Make an exact copy of the records below, excluding images.

→ **DATA FOR THIS TASK**
= = = = =
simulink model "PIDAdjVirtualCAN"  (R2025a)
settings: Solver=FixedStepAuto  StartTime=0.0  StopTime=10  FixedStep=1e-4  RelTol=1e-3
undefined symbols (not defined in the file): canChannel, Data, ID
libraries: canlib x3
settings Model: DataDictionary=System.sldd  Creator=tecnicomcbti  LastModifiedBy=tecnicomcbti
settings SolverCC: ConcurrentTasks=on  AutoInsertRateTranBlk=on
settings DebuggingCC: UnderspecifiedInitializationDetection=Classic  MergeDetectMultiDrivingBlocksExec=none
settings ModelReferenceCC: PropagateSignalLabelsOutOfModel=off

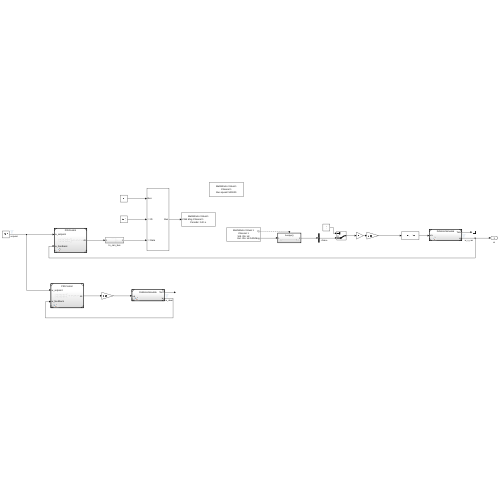
[thumbnail: Simulink's stored preview of the top-level diagram]
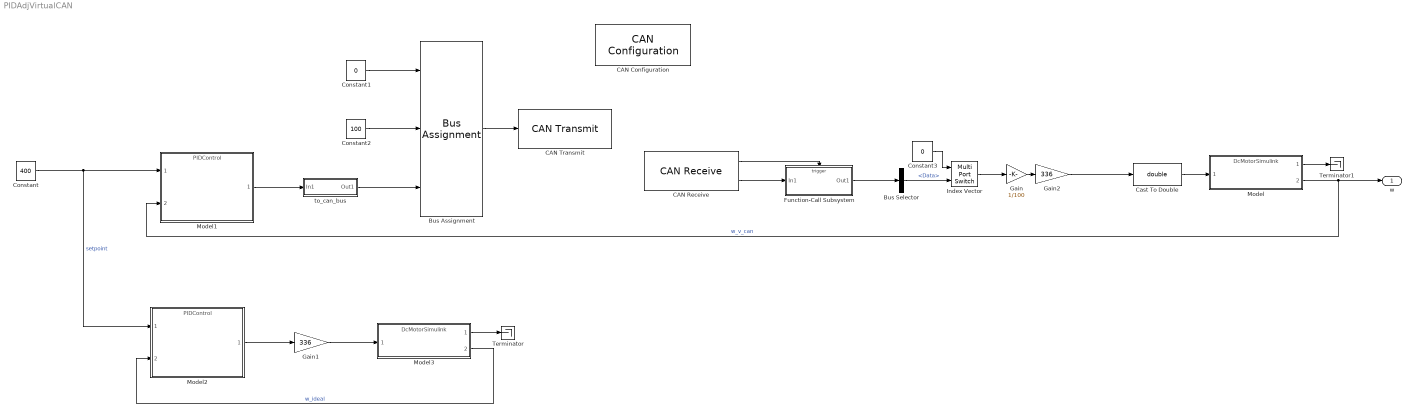
== system PIDAdjVirtualCAN ==
  Bus Assignment : BusAssignment  AssignedSignals=ID,Data
  Bus Selector : BusSelector  OutputSignals=Data
  CAN Configuration : canlib/CAN Configuration  BlockHandle=163.0016  Device=MathWorks Virtual 1 (Channel 1)  DeviceMenu=MathWorks Virtual 1 (Channel 1)  ObjConstructor=canChannel('MathWorks', 'Virtual 1', 1)  BusSpeed=500000  EnableBitParameters=off  AckMode=Normal
  CAN Receive : canlib/CAN Receive  BlockHandle=164.0015  Device=MathWorks Virtual 1 (Channel 1)  DeviceMenu=MathWorks Virtual 1 (Channel 1)  ObjConstructor=canChannel('MathWorks', 'Virtual 1', 1)  EnableStandardIDsFilter=off  StdIDsCombo=Allow all  StandardIDs=0  EnableExtendedIDsFilter=off  ExtIDsCombo=Allow all  ExtendedIDs=0  SampleTime=10e-3  MsgsPerTimestep=1  InternalFilterUpdateStatus=on  BusOutput=on
  CAN Transmit : canlib/CAN Transmit  BlockHandle=167.001  Device=MathWorks Virtual 1 (Channel 1)  DeviceMenu=MathWorks Virtual 1 (Channel 1)  ObjConstructor=canChannel('MathWorks', 'Virtual 1', 1)  EnableEventTransmit=off  EnablePeriodicTransmit=on  MessagePeriod=10e-3
  Cast To Double : DataTypeConversion  OutDataTypeStr=double  SaturateOnIntegerOverflow=off  RndMeth=Floor
  Constant : Constant  Value=400
  Constant1 : Constant  Value=0  OutDataTypeStr=Bus: CAN_MESSAGE_BUS
  Constant2 : Constant  Value=100  OutDataTypeStr=uint32
  Constant3 : Constant  Value=0
  Function-Call Subsystem : Subsystem  TreatAsAtomicUnit=on
  Gain : Gain  Gain=1/100
  Gain1 : Gain  Gain=336
  Gain2 : Gain  Gain=336
  Index Vector : MultiPortSwitch  DataPortOrder=Zero-based contiguous  Inputs=1  zeroidx=on  SaturateOnIntegerOverflow=off  InputSameDT=off
  Model : ModelReference  ModelNameDialog=DcMotorSimulink.slx  SimulationMode=Normal  ModelReferenceVersion=2.10
  Model1 : ModelReference  ModelNameDialog=PIDControl.slx  SimulationMode=Normal  ModelReferenceVersion=1.6
  Model2 : ModelReference  ModelNameDialog=PIDControl.slx  SimulationMode=Normal  ModelReferenceVersion=1.6
  Model3 : ModelReference  ModelNameDialog=DcMotorSimulink.slx  SimulationMode=Normal  ModelReferenceVersion=2.10
  Terminator : Terminator
  Terminator1 : Terminator
  to_can_bus : Subsystem
  w : Outport
  wires:
  Gain/1 -> Gain2/1
  Gain1/1 -> Model3/1
  Model2/1 -> Gain1/1
  Constant3/1 -> Index Vector/1
  Gain2/1 -> Cast To Double/1
  Cast To Double/1 -> Model/1
  Bus Assignment/1 -> CAN Transmit/1
  Constant1/1 -> Bus Assignment/1
  Index Vector/1 -> Gain/1
  Model1/1 -> to_can_bus/1(In1)
  Function-Call Subsystem/1(Out1) -> Bus Selector/1
  CAN Receive/2 -> Function-Call Subsystem/1(In1)
  to_can_bus/1(Out1) -> Bus Assignment/3
  Constant/1 -> Model2/1, Model1/1  "setpoint"
  CAN Receive/1 -> Function-Call Subsystem/Trigger
  Bus Selector/1 -> Index Vector/2  "<Data>"
  Model3/2 -> Model2/2  "w_ideal"
  Constant2/1 -> Bus Assignment/2
  Model3/1 -> Terminator/1
  Model/2 -> Model1/2, w/1  "w_v_can"
  Model/1 -> Terminator1/1

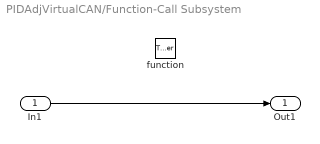
== system PIDAdjVirtualCAN/Function-Call Subsystem ==
  In1 : Inport
  function : TriggerPort  TriggerType=function-call  VariantControl=(inherit)
  Out1 : Outport
  wires:
  In1/1 -> Out1/1

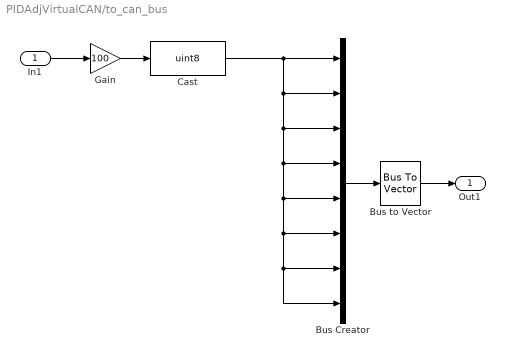
== system PIDAdjVirtualCAN/to_can_bus ==
  In1 : Inport
  Bus Creator : BusCreator  Inputs=8
  Bus to Vector : BusToVector
  Cast : DataTypeConversion  OutDataTypeStr=uint8  SaturateOnIntegerOverflow=off  RndMeth=Floor
  Gain : Gain  Gain=100
  Out1 : Outport
  wires:
  Gain/1 -> Cast/1
  In1/1 -> Gain/1
  Cast/1 -> Bus Creator/8, Bus Creator/7, Bus Creator/6, Bus Creator/5, Bus Creator/4, Bus Creator/3, Bus Creator/2, Bus Creator/1
  Bus Creator/1 -> Bus to Vector/1
  Bus to Vector/1 -> Out1/1
= = = = =
→ **WORKED SOLUTION**
simulink model "PIDAdjVirtualCAN"  (R2025a)
settings: Solver=FixedStepAuto  StartTime=0.0  StopTime=10  FixedStep=1e-4  RelTol=1e-3
undefined symbols (not defined in the file): canChannel, Data, ID
libraries: canlib x3
settings Model: DataDictionary=System.sldd  Creator=tecnicomcbti  LastModifiedBy=tecnicomcbti
settings SolverCC: ConcurrentTasks=on  AutoInsertRateTranBlk=on
settings DebuggingCC: UnderspecifiedInitializationDetection=Classic  MergeDetectMultiDrivingBlocksExec=none
settings ModelReferenceCC: PropagateSignalLabelsOutOfModel=off

[thumbnail: Simulink's stored preview of the top-level diagram]
== system PIDAdjVirtualCAN ==
  Bus Assignment : BusAssignment  AssignedSignals=ID,Data
  Bus Selector : BusSelector  OutputSignals=Data
  CAN Configuration : canlib/CAN Configuration  BlockHandle=163.0016  Device=MathWorks Virtual 1 (Channel 1)  DeviceMenu=MathWorks Virtual 1 (Channel 1)  ObjConstructor=canChannel('MathWorks', 'Virtual 1', 1)  BusSpeed=500000  EnableBitParameters=off  AckMode=Normal
  CAN Receive : canlib/CAN Receive  BlockHandle=164.0015  Device=MathWorks Virtual 1 (Channel 1)  DeviceMenu=MathWorks Virtual 1 (Channel 1)  ObjConstructor=canChannel('MathWorks', 'Virtual 1', 1)  EnableStandardIDsFilter=off  StdIDsCombo=Allow all  StandardIDs=0  EnableExtendedIDsFilter=off  ExtIDsCombo=Allow all  ExtendedIDs=0  SampleTime=10e-3  MsgsPerTimestep=1  InternalFilterUpdateStatus=on  BusOutput=on
  CAN Transmit : canlib/CAN Transmit  BlockHandle=167.001  Device=MathWorks Virtual 1 (Channel 1)  DeviceMenu=MathWorks Virtual 1 (Channel 1)  ObjConstructor=canChannel('MathWorks', 'Virtual 1', 1)  EnableEventTransmit=off  EnablePeriodicTransmit=on  MessagePeriod=10e-3
  Cast To Double : DataTypeConversion  OutDataTypeStr=double  SaturateOnIntegerOverflow=off  RndMeth=Floor
  Constant : Constant  Value=400
  Constant1 : Constant  Value=0  OutDataTypeStr=Bus: CAN_MESSAGE_BUS
  Constant2 : Constant  Value=100  OutDataTypeStr=uint32
  Constant3 : Constant  Value=0
  Function-Call Subsystem : Subsystem  TreatAsAtomicUnit=on
  Gain : Gain  Gain=1/100
  Gain1 : Gain  Gain=336
  Gain2 : Gain  Gain=336
  Index Vector : MultiPortSwitch  DataPortOrder=Zero-based contiguous  Inputs=1  zeroidx=on  SaturateOnIntegerOverflow=off  InputSameDT=off
  Model : ModelReference  ModelNameDialog=DcMotorSimulink.slx  SimulationMode=Normal  ModelReferenceVersion=2.10
  Model1 : ModelReference  ModelNameDialog=PIDControl.slx  SimulationMode=Normal  ModelReferenceVersion=1.6
  Model2 : ModelReference  ModelNameDialog=PIDControl.slx  SimulationMode=Normal  ModelReferenceVersion=1.6
  Model3 : ModelReference  ModelNameDialog=DcMotorSimulink.slx  SimulationMode=Normal  ModelReferenceVersion=2.10
  Terminator : Terminator
  Terminator1 : Terminator
  to_can_bus : Subsystem
  w : Outport
  wires:
  Gain/1 -> Gain2/1
  Gain1/1 -> Model3/1
  Model2/1 -> Gain1/1
  Constant3/1 -> Index Vector/1
  Gain2/1 -> Cast To Double/1
  Cast To Double/1 -> Model/1
  Bus Assignment/1 -> CAN Transmit/1
  Constant1/1 -> Bus Assignment/1
  Index Vector/1 -> Gain/1
  Model1/1 -> to_can_bus/1(In1)
  Function-Call Subsystem/1(Out1) -> Bus Selector/1
  CAN Receive/2 -> Function-Call Subsystem/1(In1)
  to_can_bus/1(Out1) -> Bus Assignment/3
  Constant/1 -> Model2/1, Model1/1  "setpoint"
  CAN Receive/1 -> Function-Call Subsystem/Trigger
  Bus Selector/1 -> Index Vector/2  "<Data>"
  Model3/2 -> Model2/2  "w_ideal"
  Constant2/1 -> Bus Assignment/2
  Model3/1 -> Terminator/1
  Model/2 -> Model1/2, w/1  "w_v_can"
  Model/1 -> Terminator1/1

== system PIDAdjVirtualCAN/Function-Call Subsystem ==
  In1 : Inport
  function : TriggerPort  TriggerType=function-call  VariantControl=(inherit)
  Out1 : Outport
  wires:
  In1/1 -> Out1/1

== system PIDAdjVirtualCAN/to_can_bus ==
  In1 : Inport
  Bus Creator : BusCreator  Inputs=8
  Bus to Vector : BusToVector
  Cast : DataTypeConversion  OutDataTypeStr=uint8  SaturateOnIntegerOverflow=off  RndMeth=Floor
  Gain : Gain  Gain=100
  Out1 : Outport
  wires:
  Gain/1 -> Cast/1
  In1/1 -> Gain/1
  Cast/1 -> Bus Creator/8, Bus Creator/7, Bus Creator/6, Bus Creator/5, Bus Creator/4, Bus Creator/3, Bus Creator/2, Bus Creator/1
  Bus Creator/1 -> Bus to Vector/1
  Bus to Vector/1 -> Out1/1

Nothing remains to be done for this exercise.